As described herein, the computer 700 may comprise one or more of a controller 108, firewall component 110, routing protocol component 112, network device 118, and/or any other device. The computer 700 may include one or more hardware processors (processors) configured to execute one or more stored instructions. The processor(s) may comprise one or more cores. Further, the computer 700 may include one or more network interfaces configured to provide communications between the computer 700 and other devices, such as the communications described herein as being performed by the controller 108 and/or any other device. The network interfaces may include devices configured to couple to personal area networks (PANs), wired and wireless local area networks (LANs), wired and wireless wide area networks (WANs), and so forth. For example, the network interfaces may include devices compatible with Ethernet, Wi-Fi™, and so forth.

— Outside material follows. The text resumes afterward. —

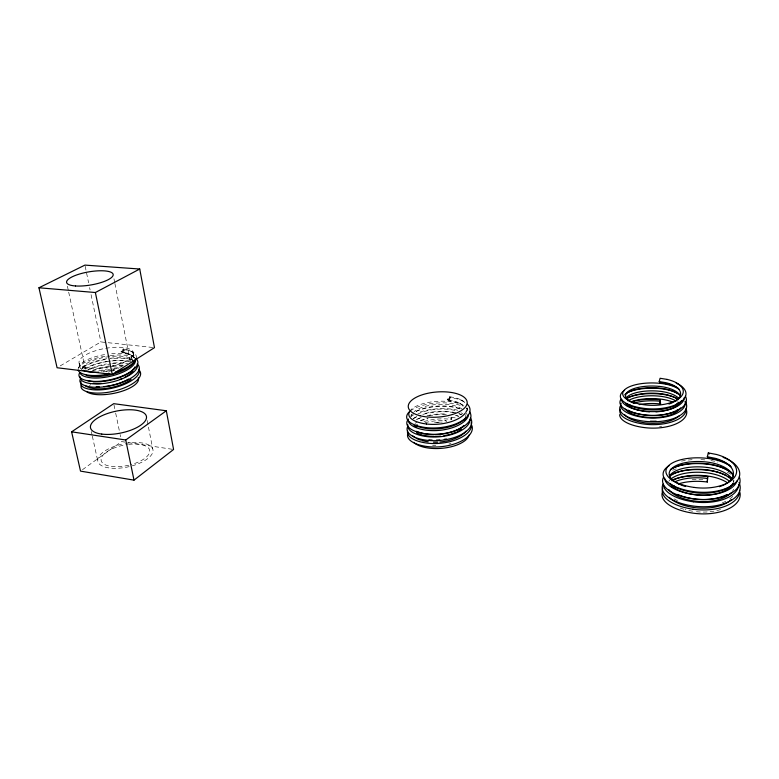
<?xml version="1.0" encoding="UTF-8"?>
<svg xmlns="http://www.w3.org/2000/svg" width="779" height="779" viewBox="0 0 779 779"><rect width="100%" height="100%" fill="white"/><g stroke="black" fill="none" stroke-linecap="round" stroke-linejoin="round"><path stroke-width="0.58" stroke-dasharray="3.9 2.92" d="M451.401 419.696L451.908 417.778L450.875 419.462L450.875 417.028L450.875 419.462L451.908 417.778L448.665 417.573M463.612 405.645A29.251 13.915 -6 0 0 456.124 402.237L449.863 401.039L448.431 399.958L449.395 396.647L455.618 397.826A29.261 13.818 -6 0 1 464.839 402.655M134.261 358.038A27.392 10.478 -12.8 0 0 128.866 354.036L122.06 351.981L123.131 348.982L127.814 349.917A27.401 10.39 -12.8 0 1 131.593 359.645M449.853 401L449.386 396.638L447.214 399.802L449.853 401L449.386 396.638L450.827 397.728L457.37 398.965A31.832 15.093 -6 0 1 465.102 402.334M78.582 367.688L80.286 365.108M83.207 366.812L81.503 369.392A27.401 8.588 -8.7 0 1 108.875 358.437M136.159 358.379A29.816 11.354 -12.8 0 0 130.151 351.066L123.131 348.982L120.94 351.835L124.036 353.033L123.131 348.982L124.036 353.033M82.467 469.708L121.592 441.586L172.393 449.308M60.207 365.896L100.89 341.932L153.288 347.531M125.205 350.083L120.94 351.835L124.221 352.868L123.131 348.982M702.892 479.698L698.218 479.338A39.125 17.216 3.7 0 0 690.885 479.504M448.431 399.958L454.323 401.097A26.681 12.649 -6 0 1 462.726 405.528M122.06 351.981L128.866 354.036M424.983 422.705A32.63 13.243 -3.1 0 1 444.556 420.436L446.854 421.147M444.556 420.436L446.503 421.118M129.703 354.426L132.381 355.73M131.33 351.602L133.978 352.897M459.211 402.996L461.48 404.32M460.973 399.89L463.203 401.214M131.106 358.924L132.596 360.161M134.738 357.678L133.238 356.441A28.356 10.867 -12.8 0 0 124.562 353.656A27.898 8.647 -8.7 0 0 111.689 353.666M733 480.331L733.935 482.396M91.328 431.517L92.078 434.984M92.331 436.133L97.891 461.528M79.137 363.199L80.422 369.1M67.403 286.185L68.435 290.937M68.688 292.115L85.339 369.227M85.174 266.282L88.611 282.835M89.595 287.558L90.091 289.924M91.065 294.647L100.89 341.932M113.958 404.856L115.438 411.964M115.681 413.152L119.869 433.299M120.112 434.478L120.599 436.853M113.958 278.755L114.659 282.329M114.893 283.517L130.21 360.92M133.219 352.04L134.358 357.843M147.153 420.407L152.723 448.86M467.371 407.904L467.536 410.27M720.546 509.554A34.831 18.277 2.6 0 1 693.748 511.404M692.628 511.228A34.812 15.317 3.7 0 1 685.014 509.573M683.855 509.242A34.812 15.317 3.7 0 1 678.421 507.275M727.333 472.24A38.989 20.244 2.5 0 1 731.325 474.528M681.498 461.1A38.463 16.32 3.3 0 1 692.735 459.668M700.915 459.629A38.463 16.32 3.3 0 1 707.439 460.136M710.896 460.593A38.677 19.894 2.4 0 1 717.868 462.093M733.925 480.117A32.65 16.768 2.3 0 1 733.458 482.298M672.608 470.234A38.862 16.7 3.5 0 1 678.947 468.121M733.701 489.202A33.4 17.294 2.4 0 1 732.085 491.783M732.747 496.369A34.919 18.17 2.5 0 1 727.703 500.284M725.901 501.238A34.919 18.17 2.5 0 1 720.75 503.292M677.535 500.654A34.899 15.2 3.6 0 1 672.481 497.859M668.81 481.266A33.799 14.626 3.5 0 1 671.235 478.764M661.741 426.23A29.894 14.09 -0.1 0 1 659.54 426.502M414.457 426.249A28.881 11.646 -3.1 0 1 417.554 424.224M423.932 421.595A28.881 11.646 -3.1 0 1 450.885 419.306M466.602 408.722A29.251 13.915 -6 0 1 467.41 410.445M420.845 420.738A32.475 13.097 -3.1 0 1 428.099 418.81M434.536 422.627A28.979 11.763 -3.1 0 1 442.248 422.082M451.012 443.494A29.057 14.207 -5.9 0 1 448.947 444.04M435.821 445.646A29.057 14.207 -5.9 0 1 432.569 445.578M455.228 417.895A29.057 14.207 -5.9 0 0 450.817 417.135A29.096 11.685 -3.1 0 0 448.49 416.901M462.015 409.053A27.216 13.009 -6 0 0 449.016 404.691A26.934 10.517 -3.1 0 0 414.126 411.692M465.784 414.662A27.216 13.009 -6 0 1 465.647 416.96M459.853 408.819A29.183 14.012 -6 0 0 449.999 406.395A29.222 11.471 -3.1 0 0 413.045 413.289M466.368 413.357A29.183 14.012 -6 0 1 467.76 415.918M410.864 415.441A29.222 11.471 -3.1 0 1 412.208 413.99M410.28 411A32.046 12.522 -3.1 0 1 450.963 403.327A32.241 15.434 -6 0 1 463.135 406.56M411.721 416.239A26.934 10.517 -3.1 0 1 412.091 414.389M409.588 411.526A29.758 11.568 -3.1 0 1 449.97 401.633A30.274 14.431 -6 0 1 462.21 405.061M456.63 415.606A28.531 13.876 -5.9 0 1 458.88 416.346M417.661 419.121A28.18 11.247 -3.1 0 1 422.9 416.892M427.019 415.713A28.18 11.247 -3.1 0 1 446.893 414.038M414.964 423.396A29.096 11.685 -3.1 0 1 417.135 422.072M420.232 420.621A29.096 11.685 -3.1 0 1 427.924 418.274M455.306 415.499A32.63 15.94 -5.9 0 1 458.354 416.181M454.06 412.578A32.105 15.599 -5.9 0 0 451.596 412.218A31.676 12.62 -3.1 0 0 421.79 414.769M458.685 413.63A32.105 15.599 -5.9 0 1 461.811 414.691M467.536 409.627A30.274 14.431 -6 0 0 466.212 407.953L468.267 410.095A32.241 15.434 -6 0 0 466.787 408.78M455.871 412.782A29.125 14.11 -5.9 0 0 450.408 411.779A29.154 11.578 -3.1 0 0 422.082 414.399M459.162 413.805A29.125 14.11 -5.9 0 1 461.256 414.691M417.739 414.116A27.518 10.857 -3.1 0 1 449.649 409.491A27.849 13.428 -5.9 0 1 455.812 410.699M413.532 418.703A29.154 11.578 -3.1 0 1 416.658 416.697M459.756 408.829A31.238 15.035 -6 0 0 450.798 406.823A30.751 12.104 -3.1 0 0 415.197 411.984M460.925 412.714A27.849 13.428 -5.9 0 1 462.95 413.99M457.799 410.27A32.514 15.726 -5.9 0 0 451.557 409.121A32.387 12.824 -3.1 0 0 417.992 412.812M410.445 416.94A32.387 12.824 -3.1 0 1 414.126 414.564M436.678 422.413A29.193 13.146 -4.5 0 1 441.995 422.014M413.026 418.703A31.676 12.62 -3.1 0 1 416.755 416.677M416.288 419.599A32.591 13.068 -3.1 0 1 420.494 417.943M428.878 415.801A32.591 13.068 -3.1 0 1 446.416 414.555M114.63 370.405A24.986 9.514 -12.8 0 1 112.527 371.038M110.394 371.593A24.986 9.514 -12.8 0 1 108.232 372.089M126.5 352.877A24.986 9.514 -12.8 0 1 131.495 359.031M123.189 365.702A27.401 10.39 -12.8 0 1 112.517 369.752M110.17 370.376A27.401 10.39 -12.8 0 1 103.023 371.739M101.173 371.164A30.459 9.835 -8.9 0 1 109.82 369.441M110.93 369.285A30.459 9.835 -8.9 0 1 118.535 368.564M103.519 371.865A27.08 8.754 -8.9 0 1 114.864 370.054M130.95 361.3A30.459 11.86 -12.9 0 0 127.522 360.726A30.371 9.611 -8.8 0 0 109.177 361.213M89.595 386.004A22.679 8.209 -11 0 1 90.549 384.427M129.256 361.846A26.087 10.127 -12.9 0 0 124.601 360.881A25.804 8.141 -8.8 0 0 85.641 369.285M85.495 371.388A27.343 8.676 -8.8 0 1 106.441 363.959M113.354 363.053A27.343 8.676 -8.8 0 1 125.945 363.072M84.064 368.973A30.371 9.611 -8.8 0 1 108.077 361.368M131.398 359.606A29.261 11.334 -12.9 0 0 126.188 358.535A28.833 9.066 -8.7 0 0 110.822 358.739M82.681 367.892A28.833 9.066 -8.7 0 1 105.603 359.479M78.124 369.402A30.05 9.377 -8.7 0 1 109.148 355.662M110.238 355.536A30.05 9.377 -8.7 0 1 126.208 355.321A30.196 11.627 -12.9 0 1 135.488 358.291M80.821 368.837A27.898 8.647 -8.7 0 1 104.639 354.581M82.944 368.934A25.249 7.868 -8.7 0 1 95.905 359.44A25.249 7.868 -8.7 0 1 123.277 356.412A25.493 9.796 -12.9 0 1 132.459 360.307M110.034 358.291A27.401 8.588 -8.7 0 1 124.942 358.067A27.343 10.565 -12.9 0 1 133.345 360.774M88.085 370.142A29.709 9.465 -8.8 0 1 110.9 363.92M111.972 363.793A29.709 9.465 -8.8 0 1 127.775 363.598M92.526 370.395A26.428 8.433 -8.8 0 1 123.754 365.244M98.631 370.989A27.284 8.773 -8.8 0 1 107.473 368.934M114.367 368.029A27.284 8.773 -8.8 0 1 120.998 367.727M92.643 370.97A30.566 9.806 -8.8 0 1 111.407 366.539M112.517 366.403A30.566 9.806 -8.8 0 1 122.108 365.848M125.497 443.446A28.161 11.753 -12 0 1 152.83 449.171A28.161 11.753 -12 0 1 132.284 465.823M129.178 466.631A28.161 11.753 -12 0 1 97.833 461.285A28.161 11.753 -12 0 1 124.309 443.66M128.613 444.371A24.782 10.341 -12 0 1 149.724 450.642A24.782 10.341 -12 0 1 130.853 464.683M128.73 465.229A24.782 10.341 -12 0 1 101.075 459.853A24.782 10.341 -12 0 1 127.581 444.507M450.827 397.728L447.214 399.802L449.931 400.805L449.386 396.638L450.827 397.728M89.809 368.175A27.654 9.455 -10.6 0 0 133.267 354.533A27.654 9.455 -10.6 0 0 95.661 350.706A27.654 9.455 -10.6 0 0 89.809 368.175"/><path stroke-width="1.17" d="M639.169 404.622A30.459 11.714 1.4 0 1 660.573 403.98L660.134 399.715L652.111 399.257A33.409 12.737 1.4 0 0 631.36 401.954M678.343 483.934A34.812 15.317 3.7 0 1 707.313 482.016L707.683 476.505L698.354 475.803A38.95 17.031 3.6 0 0 672.345 480.02M707.683 476.505L707.313 482.016M660.134 399.715L660.086 402.899M708.238 457.848L707.313 456.767L708.296 452.901L716.524 454.488A35.113 17.829 2.2 0 1 734.772 476.845A35.113 17.829 2.2 0 1 694.157 487.42M660.134 382.723L659.2 381.583L660.086 378.273L667.077 379.402M134.007 480.137L173.581 449.483L166.317 410.767L113.715 403.668L71.61 431.829L80.519 471.12L134.007 480.137L125.74 439.999L166.317 410.767M112.244 374.436L154.476 347.658L139.733 269.018L84.93 265.103L38.95 287.782L57.081 367.746L112.244 374.436L95.379 292.524L38.95 287.782M95.379 292.524L139.733 269.018M71.61 431.829L125.74 439.999M659.2 381.583L665.879 382.684A27.44 12.542 -0.3 0 1 674.302 401.769M659.881 382.674L667.116 383.862A30.089 13.808 -0.3 0 1 678.499 388.565M707.313 456.767L715.171 458.295A32.007 16.31 2.2 0 1 725.755 483.954M707.936 457.789L716.466 459.444A35.094 17.946 2.3 0 1 730.157 465.754M708.296 452.901L709.221 453.991M660.573 403.98L659.784 401.204A29.709 11.325 1.4 0 0 633.716 403.181M693.894 507.509A34.627 15.142 3.6 0 1 669.297 497.382M675.422 481.558A34.627 15.142 3.6 0 1 707.429 478.462M671.907 486.836A34.812 15.317 3.7 0 1 674.02 485.668M740.021 492.718A39.116 20.507 2.6 0 1 692.872 513.127A39.125 17.216 3.7 0 1 662.14 493.039M731.306 499.573A34.208 17.859 2.6 0 1 693.894 507.499M729.047 480.896A34.208 17.859 2.6 0 0 707.42 472.902A33.799 14.626 3.5 0 0 671.235 478.764M693.008 509.213A38.95 17.031 3.6 0 1 662.763 488.287M739.573 490.273A38.492 20.088 2.5 0 1 693.018 509.203M725.833 475.219A38.492 20.088 2.5 0 0 708.228 470.302A37.996 16.417 3.5 0 0 673.183 473.69M727.937 476.271A38.492 20.088 2.5 0 1 729.904 477.41M738.716 484.538A37.46 19.368 2.4 0 1 693.378 501.803M725.327 468.997A37.46 19.368 2.4 0 0 708.189 464.274A36.905 15.765 3.4 0 0 671.196 468.997M726.359 469.494A37.46 19.368 2.4 0 1 731.87 472.882M738.998 482.639A38.989 20.244 2.5 0 1 693.047 506.009A39.086 16.992 3.6 0 1 663.143 484.08M731.374 492.601A33.4 17.294 2.4 0 1 694.206 500.975A33.799 14.626 3.5 0 1 668.976 489.728M707.4 467.458A33.4 17.294 2.4 0 1 731.9 478.442M669.843 483.759A33.02 14.139 3.4 0 0 694.508 494.616A32.65 16.768 2.3 0 0 733.107 483.155M669.677 475.579A33.02 14.139 3.4 0 1 707.4 467.468M731.656 479.737A34.919 18.17 2.5 0 0 707.624 469.961A34.977 15.074 3.5 0 0 670.232 475.998M677.623 494.431A34.977 15.074 3.5 0 0 694.011 498.891A35.006 18.053 2.4 0 0 727.041 494.49M664.623 478.277A36.905 15.765 3.4 0 0 693.758 494.538A36.321 18.608 2.3 0 0 737.158 480.828M724.811 484.47A32.007 16.31 2.2 0 1 719.387 486.671M733.205 483.817A35.094 17.946 2.3 0 1 694.147 492.581A35.065 14.947 3.4 0 1 669.979 483.389M723.126 457.351A38.2 19.465 2.2 0 1 736.622 481.51A38.2 19.465 2.2 0 1 693.514 491.607A38.463 16.32 3.3 0 1 669.093 465.696M694.157 487.43A35.717 15.083 3.3 0 1 666.6 468.403A35.717 15.083 3.3 0 1 708.121 458.471A36.321 18.608 2.3 0 1 731.082 466.709M670.3 469.903A35.065 14.947 3.4 0 1 707.78 463.885A35.006 18.053 2.4 0 1 733.487 475.326M685.617 486.505A32.319 13.701 3.3 0 1 680.573 484.781M679.668 484.392A32.319 13.701 3.3 0 1 672.579 467.799A32.319 13.701 3.3 0 1 707.39 462.103A32.65 16.768 2.3 0 1 733.575 476.806M739.31 476.845A38.677 19.894 2.4 0 1 693.261 498.823A38.862 16.7 3.5 0 1 663.523 477.313M693.368 501.822A37.996 16.417 3.5 0 1 663.387 484.84M671.975 480.809A34.899 15.2 3.6 0 1 707.468 475.998A34.831 18.277 2.6 0 1 727.683 482.883M685.267 402.305A32.134 14.908 -0.2 0 1 645.343 417.651A32.591 12.269 1.3 0 1 621.165 403.22M679.366 394.456A32.134 14.908 -0.2 0 0 660.28 388.604A31.637 11.763 1.2 0 0 625.741 393.687M680.68 407.855A28.648 13.321 -0.2 0 1 646.21 417.184A28.989 10.935 1.3 0 1 625.264 409.063M679.035 398.478A28.648 13.321 -0.2 0 0 659.511 391.243A28.307 10.555 1.2 0 0 625.829 398.283M685.014 401.263A33.439 15.59 -0.2 0 1 677.681 416.765A33.439 15.59 -0.2 0 1 645.08 421.322A33.526 12.707 1.3 0 1 620.814 405.284M621.652 399.442A31.637 11.763 1.2 0 0 645.596 411.244A31.141 14.314 -0.3 0 0 684.322 397.397M628.137 410.153A29.992 11.257 1.3 0 0 645.947 415.226A30.021 13.905 -0.2 0 0 675.296 411.078M627.056 398.42A29.992 11.257 1.3 0 1 659.813 393.58A29.962 13.993 -0.1 0 1 678.353 399.598M656.161 421.166A29.962 13.993 -0.1 0 1 650.455 421.186M646.385 411.555A28.307 10.555 1.2 0 1 625.926 403.726M626.696 398.303A32.591 12.269 1.3 0 1 660.456 394.086A33.02 15.473 -0.1 0 1 678.305 399.101M627.952 400.864A28.989 10.935 1.3 0 1 659.638 396.18A29.349 13.759 -0.1 0 1 676.006 400.942M631.681 401.613A29.933 11.364 1.3 0 1 659.774 399.004A29.894 14.09 -0.1 0 1 673.27 402.305M686.153 408.313A33.02 15.473 -0.1 0 1 645.119 424.195A33.409 12.737 1.4 0 1 620.337 409.179M679.181 415.898A29.349 13.759 -0.1 0 1 646.015 422.958A29.709 11.325 1.4 0 1 624.554 414.525M677.788 402.1A29.349 13.759 -0.1 0 1 679.648 403.658M676.454 403.892A29.894 14.09 -0.1 0 1 678.275 405.08M686.202 409.394A33.565 15.804 -0.1 0 1 645.041 427.671A33.575 12.883 1.4 0 1 619.636 414.671M627.319 406.034A29.709 11.325 1.4 0 1 629.87 404.632M629.841 407.407A30.459 11.714 1.4 0 1 631.925 406.56M621.038 399.218A33.322 12.464 1.2 0 0 645.158 414.925A33.166 15.307 -0.2 0 0 685.364 396.141M627.28 404.067A30.06 11.149 1.2 0 0 645.957 409.598A30.089 13.808 -0.3 0 0 681.547 400.727M624.68 394.895A30.06 11.149 1.2 0 1 659.842 388.146A30.021 13.905 -0.2 0 1 680.33 395.664M633.843 403.22A27.703 10.224 1.2 0 1 628.926 390.941A27.703 10.224 1.2 0 1 659.385 386.403M624.592 390.347A32.971 12.182 1.2 0 0 645.275 408.517A32.747 14.976 -0.3 0 0 681.791 401.166A32.747 14.976 -0.3 0 0 676.24 383.19M667.077 379.402A30.099 13.71 -0.4 0 1 681.333 396.355A30.099 13.71 -0.4 0 1 645.869 404.973A30.615 11.247 1.1 0 1 623.531 391.077A30.615 11.247 1.1 0 1 660.076 383.346A31.141 14.314 -0.3 0 1 679.327 389.432M672.326 402.762A27.44 12.542 -0.3 0 1 668.937 404.058M680.525 401.652A27.995 12.902 -0.3 0 1 655.947 411.828M649.54 411.809A27.995 12.902 -0.3 0 1 646.385 411.546M659.385 386.394A27.995 12.902 -0.3 0 1 679.814 394.953M678.256 409.316A30.021 13.905 -0.2 0 1 676.338 410.514M407.612 434.146A32.63 13.243 -3.1 0 0 426.902 446.494A32.63 15.94 -5.9 0 0 459.678 441.907A32.63 15.94 -5.9 0 0 471.977 425.85M407.573 430.865A32.475 13.097 -3.1 0 0 426.746 443.066A32.105 15.599 -5.9 0 0 459.006 438.558A32.105 15.599 -5.9 0 0 471.129 422.822M409.559 411.614A32.046 12.522 -3.1 0 0 425.665 427.544A31.832 15.093 -6 0 0 460.749 421.536A31.832 15.093 -6 0 0 467.41 404.233M426.434 424A29.758 11.568 -3.1 0 1 409.209 412.276M463.982 425.5A29.183 14.012 -6 0 1 427.447 434.137A29.154 11.578 -3.1 0 1 420.835 432.822M469.688 411.877A32.241 15.434 -6 0 1 460.019 428.596A32.241 15.434 -6 0 1 426.016 433.884A32.387 12.824 -3.1 0 1 407.251 420.855M465.647 417.807A29.251 13.915 -6 0 1 426.97 428.567A29.222 11.471 -3.1 0 1 415.041 425.295M465.969 431.147A28.531 13.876 -5.9 0 1 463.164 433.981M462.288 434.653A28.531 13.876 -5.9 0 1 439.892 441.995M437.71 442.141A28.531 13.876 -5.9 0 1 433.426 442.18M469.114 435.003A29.193 13.146 -4.5 0 1 444.692 448.003A29.193 13.146 -4.5 0 1 413.688 442.375M466.757 410.494A29.261 13.818 -6 0 1 465.813 412.354M465.16 413.269A29.261 13.818 -6 0 1 426.444 423.99M428.236 441.781A28.881 11.646 -3.1 0 1 421.712 440.456M420.553 440.106A28.881 11.646 -3.1 0 1 416.473 438.45M415.411 437.856A28.881 11.646 -3.1 0 1 412.889 435.899M470.448 417.856A32.514 15.726 -5.9 0 1 460.72 434.877A32.514 15.726 -5.9 0 1 426.425 440.213A32.591 13.068 -3.1 0 1 407.534 426.921M465.005 418.703A27.216 13.009 -6 0 1 463.894 420.436M470.136 418.975A31.238 15.035 -6 0 1 426.6 436.571A31.676 12.62 -3.1 0 1 407.894 424.857M468.5 415.188A30.274 14.431 -6 0 1 426.502 430.203A30.751 12.104 -3.1 0 1 408.352 418.985M419.667 432.481A29.154 11.578 -3.1 0 1 416.473 431.274M416.716 427.379A27.518 10.857 -3.1 0 1 413.99 425.636M461.314 429.122A27.849 13.428 -5.9 0 1 457.283 431.537M456.153 432.082A27.849 13.428 -5.9 0 1 450.895 434.069M449.765 434.4A27.849 13.428 -5.9 0 1 443.835 435.704M440.515 436.152A27.849 13.428 -5.9 0 1 435.227 436.454M434.01 436.454A27.849 13.428 -5.9 0 1 428.09 436.045A28.18 11.247 -3.1 0 1 422.695 435.042M446.377 438.976A29.125 14.11 -5.9 0 1 444.196 439.366M439.794 439.901A29.125 14.11 -5.9 0 1 436.454 440.096M432.102 440.057A29.125 14.11 -5.9 0 1 428.937 439.804M421.721 434.789A28.18 11.247 -3.1 0 1 416.599 432.842M134.358 360.794A27.392 10.478 -12.8 0 1 117.97 372.615A27.392 10.478 -12.8 0 1 91.055 376.296A27.401 8.588 -8.7 0 1 86.128 375.293M136.159 358.379A29.816 11.354 -12.8 0 1 115.37 372.196M109.907 373.667A29.816 11.354 -12.8 0 1 89.01 375.225A30.05 9.377 -8.7 0 1 78.231 370.21M81.133 385.654A30.605 9.961 -8.9 0 0 92.175 392.782A30.576 12.036 -13 0 0 127.922 386.257A30.576 12.036 -13 0 0 139.09 370.122M131.125 379.354A26.739 10.478 -13 0 1 93.938 388.565A27.08 8.754 -8.9 0 1 89.059 387.543M139.12 369.207A30.079 11.773 -13 0 1 124.757 384.183A30.079 11.773 -13 0 1 91.737 389.607A30.459 9.835 -8.9 0 1 81.104 381.671M137.795 364.562A30.459 11.86 -12.9 0 1 126.646 380.483A30.459 11.86 -12.9 0 1 91.026 386.959A30.566 9.806 -8.8 0 1 80.364 379.042M136.393 359.07A30.196 11.627 -12.9 0 1 125.292 374.699A30.196 11.627 -12.9 0 1 89.975 381.097A30.371 9.611 -8.8 0 1 79.4 373.355M137.192 363.929A29.261 11.334 -12.9 0 1 123.189 378.37A29.261 11.334 -12.9 0 1 91.065 383.619A29.709 9.465 -8.8 0 1 80.373 376.88M138.273 377.815A27.372 9.913 -11 0 1 118.32 392.324A27.372 9.913 -11 0 1 86.43 391.506M98.368 372.216A27.401 10.39 -12.8 0 1 89.975 372.041A27.898 8.647 -8.7 0 1 83.051 370.317M134.971 366.88A27.343 10.565 -12.9 0 1 92.165 381.457A27.343 8.676 -8.8 0 1 87.248 380.444M135.205 358.817A28.356 10.867 -12.8 0 1 121.602 372.683A28.356 10.867 -12.8 0 1 90.491 377.757A28.833 9.066 -8.7 0 1 80.13 372.917M132.878 371.33A26.087 10.127 -12.9 0 1 124.893 377.202M122.089 378.516A26.087 10.127 -12.9 0 1 120.083 379.334M101.289 383.472A26.087 10.127 -12.9 0 1 93.305 383.278M128.438 379.052A27.284 10.643 -13 0 1 126.315 380.23M125.37 380.697A27.284 10.643 -13 0 1 103.909 386.618M99.381 386.9A27.284 10.643 -13 0 1 96.206 386.861M88.076 387.192A27.08 8.754 -8.9 0 1 85.729 385.946M420.066 415.752A29.544 12.571 -4.5 0 0 466.981 404.097A29.544 12.571 -4.5 0 0 426.094 393.687A29.544 12.571 -4.5 0 0 420.066 415.752M75.505 285.961A23.623 6.631 -9.7 0 0 112.955 275.747A23.623 6.631 -9.7 0 0 81.143 273.556A23.623 6.631 -9.7 0 0 75.505 285.961M101.767 434.088A28.541 11.179 -11.5 0 0 146.345 418.605A28.541 11.179 -11.5 0 0 107.298 413.571A28.541 11.179 -11.5 0 0 101.767 434.088"/></g></svg>

The programs 722 may comprise any type of programs or processes to perform the techniques described in this disclosure. For instance, the programs 722 may cause the computer 700 to perform techniques including receiving, from one or more sources, threat intelligence information; determining, based on the threat intelligence information, threat data indicating a cyber threat or a security risk; generating a message using a routing protocol that includes the threat data as an extension of the routing protocol; and sending the message to one or more routers to enable the one or more routers to perform an action based on the threat data.

In this way, the computer 700 can entities, including cloud providers, service providers, internet service providers, governmental entities, and others, to collaboratively mitigate cyber threats by disseminating real-time confirmed and actionable threat intelligence across their networks and between entities. Accordingly, the computer 700 may provide a highly effective way to quickly identify and mitigate large-scale security incidents (e.g., such as at a global security incidents), as well as local security incidents (e.g., such as incidents limited to a particular entity.

While the invention is described with respect to the specific examples, it is to be understood that the scope of the invention is not limited to these specific examples. Since other modifications and changes varied to fit particular operating requirements and environments will be apparent to those skilled in the art, the invention is not considered limited to the example chosen for purposes of disclosure, and covers all changes and modifications which do not constitute departures from the true spirit and scope of this invention.

Although the application describes embodiments having specific structural features and/or methodological acts, it is to be understood that the claims are not necessarily limited to the specific features or acts described. Rather, the specific features and acts are merely illustrative some embodiments that fall within the scope of the claims of the application.